MultiChoice Group continues to make an impact across Africa
Africa Social

MultiChoice Group continues to make an impact across Africa

30 September 2021: MultiChoice Group today published its Social Impact Report which details how Africa’s leading entertainment company continues to make a meaningful difference in the communities in which it operates. The group operates in 50 countries across Africa.

The report covers initiatives implemented that had a significant impact on indivduals, businesses, non-profit organisations and companies across the continent.

These include using the DStv platform for social good, being connected and in touch with communities, creating opportunities, supporting and growing entrepreneurs, diversity, growing the continent’s talent pipeline and telling African stories. MultiChoice contributed $741.2m in taxes and spent $79.3m on CSI initiatives.

“Enriching lives is part of our DNA – we strive to make a positive impact across the African continent. We partner with stakeholders on various initiatives sharing our experience and knowledge to deliver sustainable outcomes.

Our focus is to empower our beneficiaries to succeed and play their role in the growth of their communities and our continent,” says Calvo Mawela, MultiChoice Group CEO.

The group reaches more than 20 million households and has used its DStv and GOtv platforms to raise awareness and mobilise resources to address social challenges.

Last year, it partnered with the United Nations and World Health Organisation, the national health and education departments to address the disruption to education during the pandemic, the spread of misinformation (around COVID-19 and COVID-19 vaccinations) and the fight against gender-based violence (GBV). The total value of airtime allocated for social good was R271 million.

Creating employment opportunities for the youth was another focus area. This included collaborating with the Youth Employment Service (YES) in South Africa, which saw 300 employment opportunities created; providing bursaries, internships and learnerships, and offering training to young Nigerians interested in tech through the  Sabiman and Canvasser schemes.

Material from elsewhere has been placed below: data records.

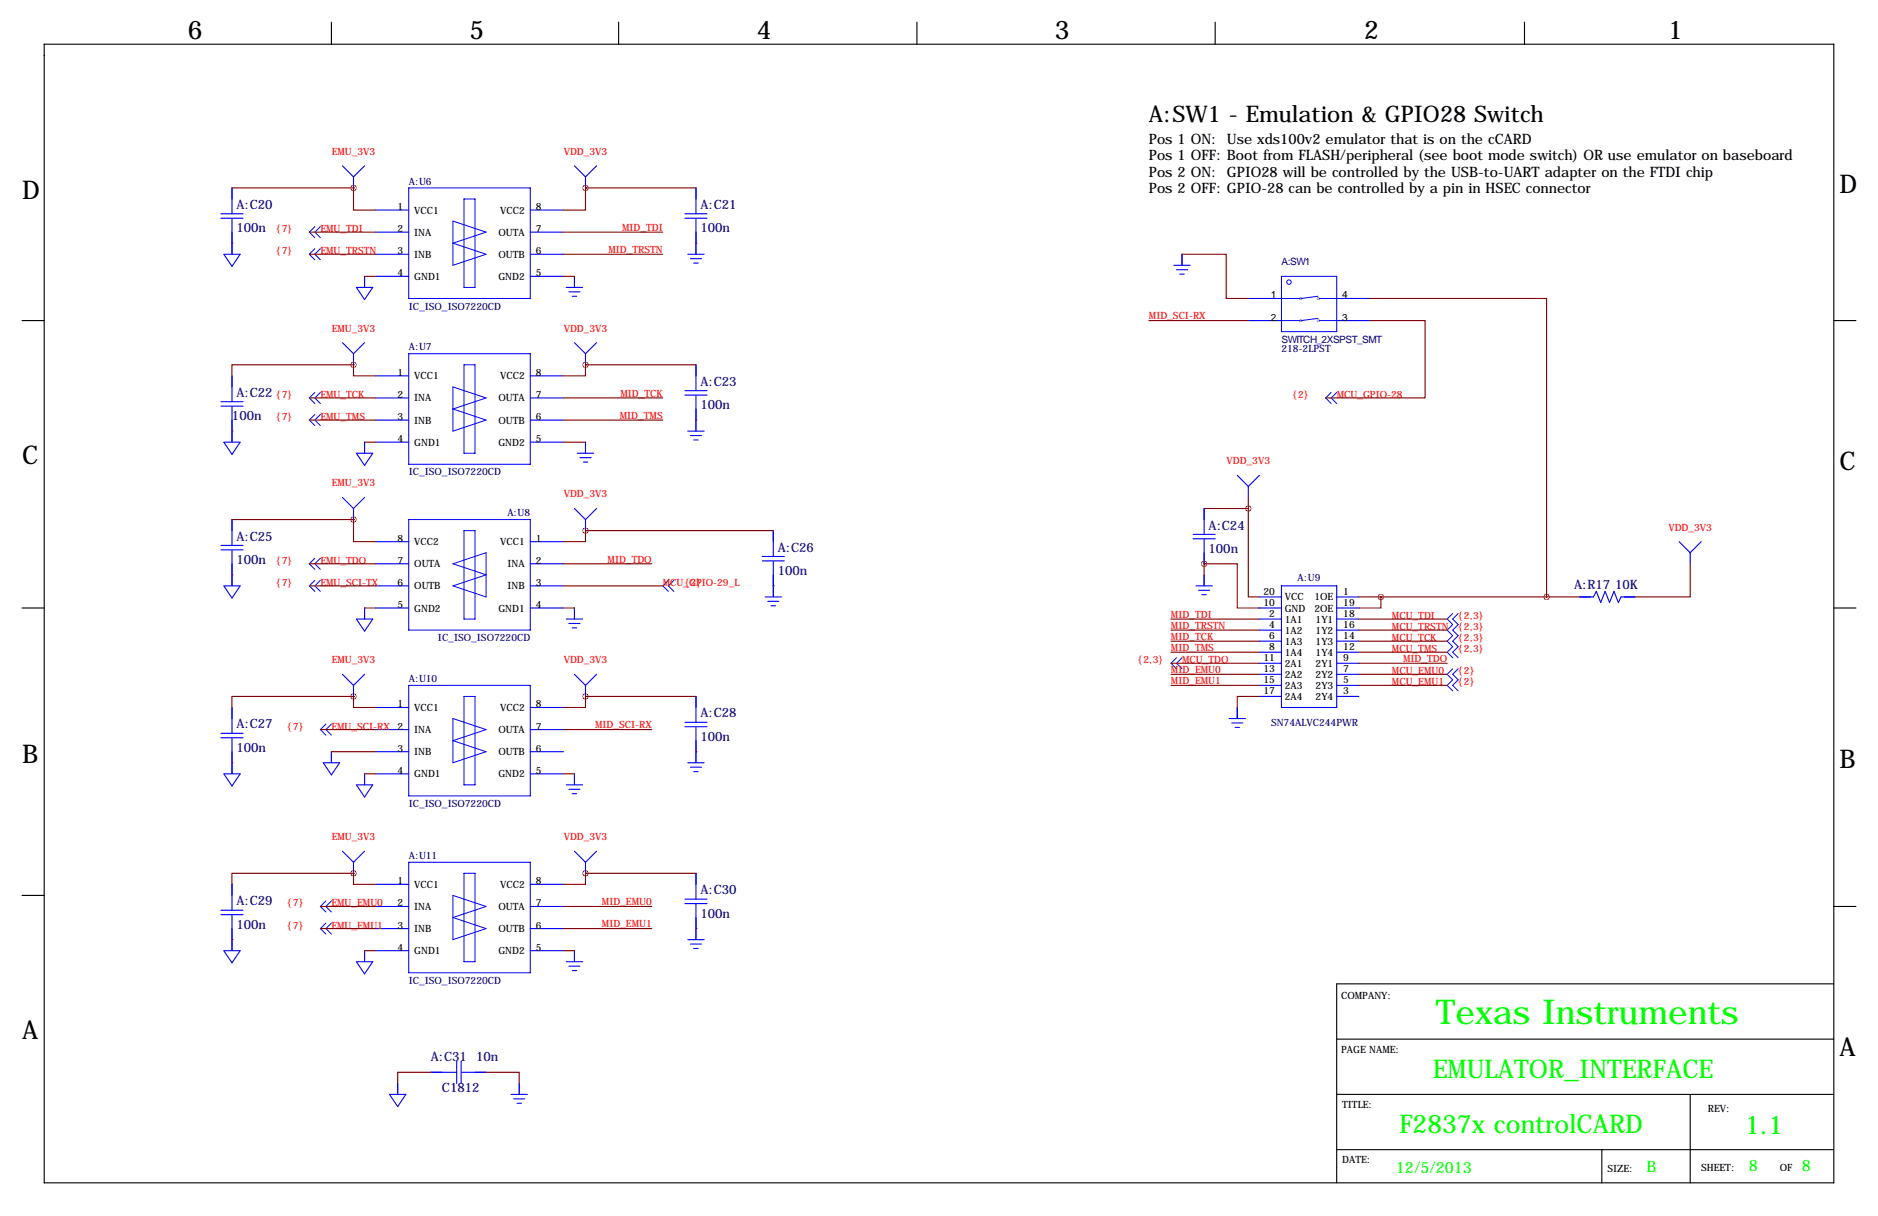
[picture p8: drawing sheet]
<svg xmlns="http://www.w3.org/2000/svg" width="432mm" height="279mm" viewBox="0 0 432 279" stroke-linecap="round" stroke-linejoin="round" font-family="sans-serif">
<g fill="none" stroke="#000" stroke-width=".25">
<path d="M10.2 10.2h411.4v261.6h-411.4zM76.2 5.1v5.1M142.2 5.1v5.1M210.8 5.1v5.1M279.4 5.1v5.1M350.5 5.1v5.1M5.1 73.7h5.1M421.6 73.7h5.1M5.1 139.7h5.1M421.6 139.7h5.1M5.1 205.7h5.1M421.6 208.3h.1"/>
<path d="M421.6 208.3h5.1M307.3 238.8h114.3M421.6 226.1h-114.3v45.7M307.3 251.5h114.3M388.6 251.5v20.3M307.3 264.2h114.3M368.3 264.2v7.6"/>
</g>
<g fill="none" stroke="#00f" stroke-width=".23">
<path d="M53.3 55.9v2.5M72.4 52.1l-1.3 1.2 1.3 1.3M72.4 57.2l-1.3 1.2 1.3 1.3M73.7 52.1l-1.3 1.2 1.3 1.3M73.7 57.2l-1.3 1.2 1.3 1.3M94 43.2h27.9v25.4h-27.9zM104.1 50.8l7.7 2.5-7.7 2.6 7.7 2.5-7.7 2.6zM106.7 45.7h2.5v20.3h-2.5zM160 55.9v2.5M271.8 58.4v2.6M83.8 63.5v2.5M132.1 63.5v2.5"/>
<path d="M294.6 68.6h4.4M294.6 63.5h12.7v12.7h-12.7zM294.6 73.7h4.4M303 68.1l-3.8 .5M303 73.2l-3.8 .5M303.3 68.6h4M303.3 73.7h4M53.3 99.1v2.5M72.4 90.2l-1.3 1.2 1.3 1.3M72.4 95.2l-1.3 1.3 1.3 1.3M73.7 90.2l-1.3 1.2 1.3 1.3M73.7 95.2l-1.3 1.3 1.3 1.3"/>
<path d="M94 81.3h27.9v25.4h-27.9zM104.1 88.9l7.7 2.5-7.7 2.6 7.7 2.5-7.7 2.6zM106.7 83.8h2.5v20.3h-2.5zM160 96.5v2.6M306.1 90.2l-1.3 1.2 1.3 1.3M307.3 90.2l-1.2 1.2 1.2 1.3M83.8 101.6v2.5M94 119.4h27.9v25.4h-27.9zM134.6 101.6v2.5M53.3 132.1v2.5M72.4 128.3l-1.3 1.2 1.3 1.3M72.4 133.3l-1.3 1.3 1.3 1.3"/>
<path d="M73.7 128.3l-1.3 1.2 1.3 1.3M73.7 133.3l-1.3 1.3 1.3 1.3M83.8 139.7v2.5M104.1 129.5l7.7-2.5v10.2l-7.7-2.6 7.7-2.5zM106.7 121.9h2.5v20.3h-2.5zM132.1 139.7v2.5M153.7 133.3l-1.3 1.3 1.3 1.3M154.9 133.3l-1.2 1.3 1.2 1.3M177.8 134.6v2.6M276.9 132.1v2.5M94 157.5h27.9v25.4h-27.9zM270.5 151.1l-1.3 1.3 1.3 1.3"/>
<path d="M271.8 151.1l-1.3 1.3 1.3 1.3M334 141l-1.3 1.2 1.3 1.3-1.3 1.3 1.3 1.2-1.3 1.3 1.3 1.3-1.3 1.3 1.3 1.2M334 153.7l-1.3 1.2 1.3 1.3-1.3 1.3 1.3 1.3M335.3 141l-1.3 1.2 1.3 1.3-1.3 1.3 1.3 1.2-1.3 1.3 1.3 1.3-1.3 1.3 1.3 1.2M335.3 153.7l-1.3 1.2 1.3 1.3-1.3 1.3 1.3 1.3M53.3 175.3v2.5M74.9 166.4l-1.2 1.2 1.2 1.3M76.2 172.7v2.6M76.2 166.4l-1.3 1.2 1.3 1.3M83.8 177.8v2.5M104.1 165.1l7.7 2.5-7.7 2.6 7.7 2.5-7.7 2.6zM106.7 160h2.5v20.3h-2.5z"/>
<path d="M132.1 177.8v2.5M160 172.7v2.6M284.5 162.6v2.5M94 198.1h27.9v25.4h-27.9zM53.3 215.9v2.5M74.9 207l-1.2 1.3 1.2 1.2M74.9 212.1l-1.2 1.3 1.2 1.2M76.2 212.1l-1.3 1.3 1.3 1.2M76.2 207l-1.3 1.3 1.3 1.2M83.8 218.4v2.6M104.1 205.7l7.7 2.6-7.7 2.5 7.7 2.6-7.7 2.5zM106.7 200.7h2.5v20.3h-2.5z"/>
<path d="M132.1 218.4v2.6M160 213.4v2.5M91.4 248.9v2.6M119.4 248.9v2.6"/>
<circle cx="296.4" cy="64.8" r=".51"/>
</g>
<g fill="none" stroke="#00f" stroke-width=".25">
<path d="M78.7 38.1l2.6 2.5M83.8 38.1l-2.5 2.5M132.1 38.1l2.5 2.5M137.2 38.1l-2.6 2.5M50.8 49.1h5.1M50.8 50.1h5.1M51.5 58.4l1.8 2.8 1.9-2.8h-3.6M53.3 43.2v5.9M53.3 50.3v8M81.3 40.6v2.6M86.4 48.3h7.6M86.4 53.3h7.6"/>
<path d="M86.4 58.4h7.6M121.9 48.3h7.6M121.9 53.3h7.6M121.9 58.4h7.6M134.6 40.6v2.6M157.5 49.1h5.1M157.5 50.1h5.1M158.1 58.4h3.8M158.7 59.4h2.6M160 43.2v5.9M160 50.3v8M271.8 58.4v2.4"/>
<path d="M78.7 78.7l2.6 2.6M81.9 66l1.9 2.8 1.9-2.8h-3.7M83.8 78.7l-2.5 2.6M83.8 63.5v2.4M86.4 63.5h7.6M121.9 63.5h7.6M130.2 66h3.8M130.8 67.1h2.5M131.6 68.1h1M132.1 78.7l2.5 2.6M132.1 63.5v2.4M137.2 78.7l-2.6 2.6"/>
<path d="M159.5 60.5h1M269.9 61h3.8M270.5 62h2.5M271.3 63h1M287 68.6h7.6M287 73.7h7.6M307.3 68.6h7.7M307.3 73.7h7.7M50.8 92.3h5.1M50.8 93.3h5.1M53.3 86.4v5.9M53.3 93.5v7.9"/>
<path d="M81.3 81.3v2.5M86.4 86.4h7.6M86.4 91.4h7.6M86.4 96.5h7.6M121.9 86.4h7.6M121.9 91.4h7.6M121.9 96.5h7.6M134.6 81.3v2.5M157.5 89.8h5.1M157.5 90.8h5.1M158.1 99.1h3.8M160 83.8v6"/>
<path d="M160 90.9v8M51.5 101.6l1.8 2.8 1.9-2.8h-3.6M53.3 119.4v5.9M78.7 114.3l2.6 2.5M81.3 116.8v2.6M81.9 104.1l1.9 2.8 1.9-2.8h-3.7M83.8 114.3l-2.5 2.5M83.8 101.6v2.4M86.4 101.6h7.6M121.9 101.6h7.6M132.1 116.8l2.5 2.6M132.7 104.1h3.8"/>
<path d="M133.3 105.2h2.6M134.1 106.2h1M134.6 101.6v2.4M134.6 119.4v2.5M137.2 116.8l-2.6 2.6M158.7 100.1h2.6M159.5 101.1h1M276.9 116.8v6M284.5 109.2l2.5 2.6M287 111.8v2.5M289.6 109.2l-2.6 2.6M50.8 125.3h5.1"/>
<path d="M50.8 126.3h5.1M51.5 134.6l1.8 2.8 1.9-2.8h-3.6M53.3 126.5v8M83.8 139.7v2.4M86.4 124.5h7.6M86.4 139.7h7.6M86.4 129.5h7.6M86.4 134.6h7.6M121.9 124.5h7.6M121.9 139.7h7.6M121.9 129.5h7.6M121.9 134.6h7.6"/>
<path d="M132.1 139.7v2.4M175.3 127.9h5M175.3 128.9h5M175.9 137.2h3.8M176.5 138.2h2.6M177.3 139.2h1M177.8 121.9v6M177.8 129v8M274.3 122.8h5.1M274.3 123.8h5.1M275 134.6h3.7M275.6 135.6h2.5"/>
<path d="M276.4 136.7h1M276.9 124v5.5M276.9 132.1v2.4M289.6 139.7h5M289.6 137.2h5M294.6 134.6h12.7v28h-12.7zM307.3 139.7h5.1M307.3 137.2h5.1M363.2 137.2h3.2l.6-1.3 1 2.5 1.1-2.5 1 2.5 1-2.5 1 2.5 .6-1.2h3.2M386.1 124.5l2.5 2.5M388.6 127v2.5M391.2 124.5l-2.6 2.5"/>
<path d="M78.7 154.9l2.6 2.6M81.3 157.5v2.5M81.9 142.2l1.9 2.8 1.9-2.8h-3.7M83.8 154.9l-2.5 2.6M130.2 142.2h3.8M130.8 143.3h2.5M131.6 144.3h1M132.1 154.9l2.5 2.6M134.6 157.5v2.5M137.2 154.9l-2.6 2.6M289.6 142.2h5M289.6 144.8h5"/>
<path d="M289.6 147.3h5M289.6 149.9h5M289.6 152.4h5M289.6 154.9h5M289.6 157.5h5M307.3 142.2h5.1M307.3 144.8h5.1M307.3 147.3h5.1M307.3 149.9h5.1M307.3 152.4h5.1M307.3 154.9h5.1M307.3 157.5h5.1"/>
<path d="M50.8 168.5h5.1M50.8 169.5h5.1M51.5 177.8l1.8 2.8 1.9-2.8h-3.6M53.3 162.6v5.9M53.3 169.7v7.9M74.3 175.3l1.9 2.8 1.9-2.8h-3.7M76.2 172.7v2.4M83.8 177.8v2.4M86.4 162.6h7.6M86.4 177.8h7.6M86.4 167.6h7.6M86.4 172.7h7.6"/>
<path d="M121.9 162.6h7.6M121.9 177.8h7.6M121.9 167.6h7.6M121.9 172.7h7.6M132.1 177.8v2.4M157.5 166h5.1M157.5 167h5.1M158.1 175.3h3.8M158.7 176.3h2.6M159.5 177.3h1M160 160v6M160 167.1v8"/>
<path d="M282.6 165.1h3.8M283.2 166.1h2.6M284 167.1h1M284.5 162.6v2.3M289.6 160h5M307.3 160h5.1M78.7 195.6l2.6 2.5M81.3 198.1v2.6M81.9 180.3l1.9 2.8 1.9-2.8h-3.7M83.8 195.6l-2.5 2.5M130.2 180.3h3.8M130.8 181.4h2.5"/>
<path d="M131.6 182.4h1M132.1 195.6l2.5 2.5M134.6 198.1v2.6M137.2 195.6l-2.6 2.5M50.8 209.1h5.1M50.8 210.2h5.1M51.5 218.4l1.8 2.8 1.9-2.8h-3.6M53.3 203.2v5.9M53.3 210.3v8M83.8 218.4v2.4M86.4 203.2h7.6M86.4 218.4h7.6"/>
<path d="M86.4 208.3h7.6M86.4 213.4h7.6M121.9 203.2h7.6M121.9 218.4h7.6M121.9 208.3h7.6M121.9 213.4h7.6M132.1 218.4v2.4M157.5 206.6h5.1M157.5 207.6h5.1M158.1 215.9h3.8M158.7 216.9h2.6M159.5 217.9h1"/>
<path d="M160 200.7v5.9M160 207.8v7.9M81.9 221l1.9 2.8 1.9-2.8h-3.7M130.2 221h3.8M130.8 222h2.5M131.6 223h1M89.6 251.5l1.8 2.8 1.9-2.8h-3.6M91.4 248.9v2.4M99.1 246.4h5.9M105 243.8v5.1M106 243.8v5.1M106.2 246.4h5.6"/>
<path d="M117.5 251.5h3.8M118.1 252.5h2.5M118.9 253.5h1M119.4 248.9v2.4"/>
</g>
<g fill="none" stroke="#800000" stroke-width=".25">
<path d="M53.3 55.9h.1M53.3 43.2h28M71.1 53.3h15.3M71.1 58.4h15.3M81.3 43.2v5.1h5.1M81.3 43.2h.1M129.5 53.3h22.9M129.5 58.4h22.9M134.6 43.2v5.1h-5.1M134.6 43.2h.1M134.6 43.2h25.4M160 55.9h.1"/>
<path d="M271.8 58.4h10.1v10.2h5.1M83.8 63.5h2.6M129.5 63.5h2.6M264.2 73.7h22.8M315 73.7h12.7v17.7h-22.9M315 68.6h40.6v68.6M53.3 99.1h.1M71.1 91.4h15.3M71.1 96.5h15.3M81.3 83.8h.1M81.3 83.8v2.6h5.1M81.3 83.8h-28v2.6"/>
<path d="M129.5 91.4h22.9M129.5 96.5h22.9M134.6 83.8v2.6h-5.1M134.6 83.8h.1M134.6 83.8h25.4M160 96.5h.1M53.3 119.4h28M81.3 119.4v5.1h5.1M81.3 119.4h.1M83.8 101.6h2.6M129.5 101.6h5.1M276.9 116.8h10.1"/>
<path d="M287 116.8v20.4h2.6M287 114.3v2.5M53.3 132.1h.1M71.1 129.5h15.3M71.1 134.6h15.3M83.8 139.7h2.6M129.5 139.7h2.6M129.5 129.5h20.4M129.5 134.6h22.9M134.6 121.9v2.6h-5.1M134.6 121.9h.1M134.6 121.9h43.2"/>
<path d="M177.8 134.6h.1M276.9 129.5h.1M276.9 129.5h7.6v10.2h5.1M276.9 129.5v2.6M312.4 137.2h50.8M317.5 137.2v2.5h-5.1M388.6 129.5v7.7h-12.7M269.2 142.2h20.4M269.2 144.8h20.4M269.2 147.3h20.4M269.2 149.9h20.4M269.2 152.4h20.4"/>
<path d="M269.2 154.9h20.4M269.2 157.5h20.4M312.4 142.2h20.3M312.4 144.8h20.3M312.4 147.3h20.3M312.4 149.9h20.3M312.4 152.4h20.3M312.4 154.9h20.3M312.4 157.5h20.3M53.3 175.3h.1M73.7 167.6h12.7M76.2 172.7h10.2"/>
<path d="M81.3 160h.1M81.3 160v2.6h5.1M81.3 160h-28v2.6M83.8 177.8h2.6M129.5 177.8h2.6M129.5 167.6h20.4M134.6 160v2.6h-5.1M134.6 160h.1M134.6 160h25.4M160 172.7h.1M289.6 160h-5.1v2.6M53.3 215.9h.1"/>
<path d="M73.7 208.3h12.7M73.7 213.4h12.7M81.3 200.7h.1M81.3 200.7v2.5h5.1M81.3 200.7h-28v2.5M83.8 218.4h2.6M129.5 218.4h2.6M129.5 208.3h20.4M129.5 213.4h20.4M134.6 200.7v2.5h-5.1M134.6 200.7h.1M134.6 200.7h25.4"/>
<path d="M160 213.4h.1M99.1 246.4h-7.7v2.5M111.8 246.4h7.6v2.5"/>
</g>
<path d="M81.2 119.4a.05 .05 0 0 0 .1 0 .05 .05 0 0 0-.1 0zM81.2 43.2a.05 .05 0 0 0 .1 0 .05 .05 0 0 0-.1 0zM134.6 43.2a.05 .05 0 0 0 .1 0 .05 .05 0 0 0-.1 0zM134.6 83.8a.05 .05 0 0 0 .1 0 .05 .05 0 0 0-.1 0zM134.6 121.9a.05 .05 0 0 0 .1 0 .05 .05 0 0 0-.1 0zM134.6 160a.05 .05 0 0 0 .1 0 .05 .05 0 0 0-.1 0zM134.6 200.7a.05 .05 0 0 0 .1 0 .05 .05 0 0 0-.1 0zM81.2 160a.05 .05 0 0 0 .1 0 .05 .05 0 0 0-.1 0zM81.2 200.7a.05 .05 0 0 0 .1 0 .05 .05 0 0 0-.1 0zM81.2 83.8a.05 .05 0 0 0 .1 0 .05 .05 0 0 0-.1 0zM287 116.8a.05 .05 0 0 0 .1 0 .05 .05 0 0 0-.1 0zM276.8 129.5a.05 .05 0 0 0 .1 0 .05 .05 0 0 0-.1 0z" fill="#800000" stroke="#800000" stroke-width="1.3"/>
<text font-size="7.9" fill="#0f0" x="330.2" y="235.2">Texas Instruments</text>
<g font-size="5.9">
<text x="43.2" y="8.9">6</text>
<text x="107.9" y="8.9">5</text>
<text x="174" y="8.9">4</text>
<text x="242.6" y="8.9">3</text>
<text x="313.7" y="8.9">2</text>
<text x="383.5" y="8.9">1</text>
<text x="5.1" y="45.7">D</text>
<text x="422.9" y="44.4">D</text>
<text x="5.1" y="106.7">C</text>
<text x="422.9" y="107.9">C</text>
<text x="5.1" y="175.3">B</text>
<text x="422.9" y="176.5">B</text>
<text x="5.1" y="238.8">A</text>
<text x="422.9" y="242.6">A</text>
</g>
<g font-size="5.9" fill="#0f0">
<text x="329.4" y="247.7">EMULATOR_INTERFACE</text>
<text x="321.7" y="260.4">F2837x controlCARD</text>
<text x="401.2" y="260.6">1.1</text>
</g>
<text font-size="5.3" x="264.2" y="27.9">A:SW1 - Emulation &amp; GPIO28 Switch</text>
<g font-size="3.6" fill="#0f0">
<text x="321" y="269.5">12/5/2013</text>
<text x="378.6" y="269.2">B</text>
<text x="402.1" y="269">8</text>
<text x="414.3" y="269">8</text>
</g>
<g font-size="3.3">
<text x="264.2" y="33">Pos 1 ON: Use xds100v2 emulator that is on the cCARD</text>
<text x="264.2" y="36.8">Pos 1 OFF: Boot from FLASH/peripheral (see boot mode switch) OR use emulator on baseboard</text>
<text x="264.2" y="40.6">Pos 2 ON: GPIO28 will be controlled by the USB-to-UART adapter on the FTDI chip</text>
<text x="264.2" y="44.4">Pos 2 OFF: GPIO-28 can be controlled by a pin in HSEC connector</text>
</g>
<g font-size="3" fill="#000080">
<text x="54.4" y="48">A:C20</text>
<text x="54.4" y="53.3">100n</text>
<text x="161" y="48">A:C21</text>
<text x="161" y="53.3">100n</text>
<text x="161" y="88.6">A:C23</text>
<text x="54.4" y="91.2">A:C22</text>
<text x="161" y="94">100n</text>
<text x="53.3" y="96.5">100n</text>
<text x="54.4" y="124.2">A:C25</text>
<text x="277.9" y="121.7">A:C24</text>
<text x="54.4" y="129.5">100n</text>
<text x="178.8" y="126.7">A:C26</text>
<text x="277.9" y="127">100n</text>
<text x="178.8" y="132.1">100n</text>
<text x="361.9" y="135.4">A:R17</text>
<text x="371.3" y="135.4">10K</text>
<text x="54.4" y="167.4">A:C27</text>
<text x="161" y="164.8">A:C28</text>
<text x="54.4" y="172.7">100n</text>
<text x="161" y="170.2">100n</text>
<text x="54.4" y="208">A:C29</text>
<text x="161" y="205.5">A:C30</text>
<text x="54.4" y="213.4">100n</text>
<text x="161" y="210.8">100n</text>
<text x="99.1" y="243.8">A:C31</text>
<text x="109.5" y="243.8">10n</text>
<text x="101.6" y="251">C1812</text>
</g>
<g font-size="2.3" fill="#f00">
<text x="76.3" y="35.6">EMU_3V3</text>
<text x="129.6" y="35.6">VDD_3V3</text>
<text x="63.5" y="53.3">{7}</text>
<text x="73.7" y="53.3">EMU_TDI</text>
<text x="143" y="53.1">MID_TDI</text>
<text x="63.5" y="58.4">{7}</text>
<text x="73.7" y="58.4">EMU_TRSTN</text>
<text x="139.9" y="58.2">MID_TRSTN</text>
<text x="76.3" y="76.2">EMU_3V3</text>
<text x="129.6" y="76.2">VDD_3V3</text>
<text x="264.2" y="73.4">MID_SCI-RX</text>
<text x="63.5" y="91.4">{7}</text>
<text x="73.7" y="91.4">EMU_TCK</text>
<text x="142.6" y="91.2">MID_TCK</text>
<text x="297.2" y="91.4">{2}</text>
<text x="307.3" y="91.4">MCU_GPIO-28</text>
<text x="63.5" y="96.5">{7}</text>
<text x="73.7" y="96.5">EMU_TMS</text>
<text x="142.5" y="96.3">MID_TMS</text>
<text x="282" y="106.7">VDD_3V3</text>
<text x="76.3" y="111.8">EMU_3V3</text>
<text x="129.6" y="114.3">VDD_3V3</text>
<text x="383.6" y="121.9">VDD_3V3</text>
<text x="63.5" y="129.5">{7}</text>
<text x="73.7" y="129.5">EMU_TDO</text>
<text x="139.7" y="129.3">MID_TDO</text>
<text x="63.5" y="134.6">{7}</text>
<text x="73.7" y="134.6">EMU_SCI-TX</text>
<text x="152.4" y="134.6">MCU_GPIO-29_L</text>
<text x="157.5" y="134.6">{2}</text>
<text x="269.2" y="142">MID_TDI</text>
<text x="320" y="142.2">MCU_TDI</text>
<text x="335.3" y="142.2">{2,3}</text>
<text x="269.2" y="144.5">MID_TRSTN</text>
<text x="269.2" y="147.1">MID_TCK</text>
<text x="269.2" y="149.6">MID_TMS</text>
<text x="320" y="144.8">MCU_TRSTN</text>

The Canvasser scheme currently employs 3 205 young adults.

Small businesses are the lifeblood of African economies and MultiChoice is committed to support the growth and development of entrepreneurs.

It has created small businesses and throusands of jobs in the decoder and hardware installation business. There are about 2 800 independent service providers (agencies) and more than 6 000 installers across Africa.

The group also creates opportunities for entrepreneurs in South Africa through its Innovation Fund and preferential procument. Last year, it spent $762m on local suppliers, $153m on suppliers that are at least 30% black women-owned, $218.4m on small and medium enterprises and $40.7 million on suppliers that are 51% black youth-owned.

MultiChoice invests siginificantly in local content and is committed to tell African stories. Last year it spent 42% of the group’s general entertainment spend on local content and produced 19% more local content than last year.

The group invests in local-language movies, series, telenovelas, sitcoms, soap operas, sports broadcasts and magazine shows. It has programming in 41 languages and 15 dedicated local content channels in 10 markets. Its local content library now exceeds 62 000 hours.

Through the MultiChoice Talent Factory (MTF), MultiChoice contributes to growing the talent pipeline in the industry. The MTF has trained 206 students over the past six years and 62 MTF graduates now own their own production companies.

74 interns from 14 countries across Africa created four movies, 16 short films and 14 Public Service Announcements for the United Nations’ #PLEDGETOPAUSE campaign and the World Health Organization’s educational campaign on COVID-19.

MultiChoice continues support and promote diversity as well as uplift  women in the workplace. The Group employs 7 028 employees from 81 nationalities, 47% of which are women and 53% are men.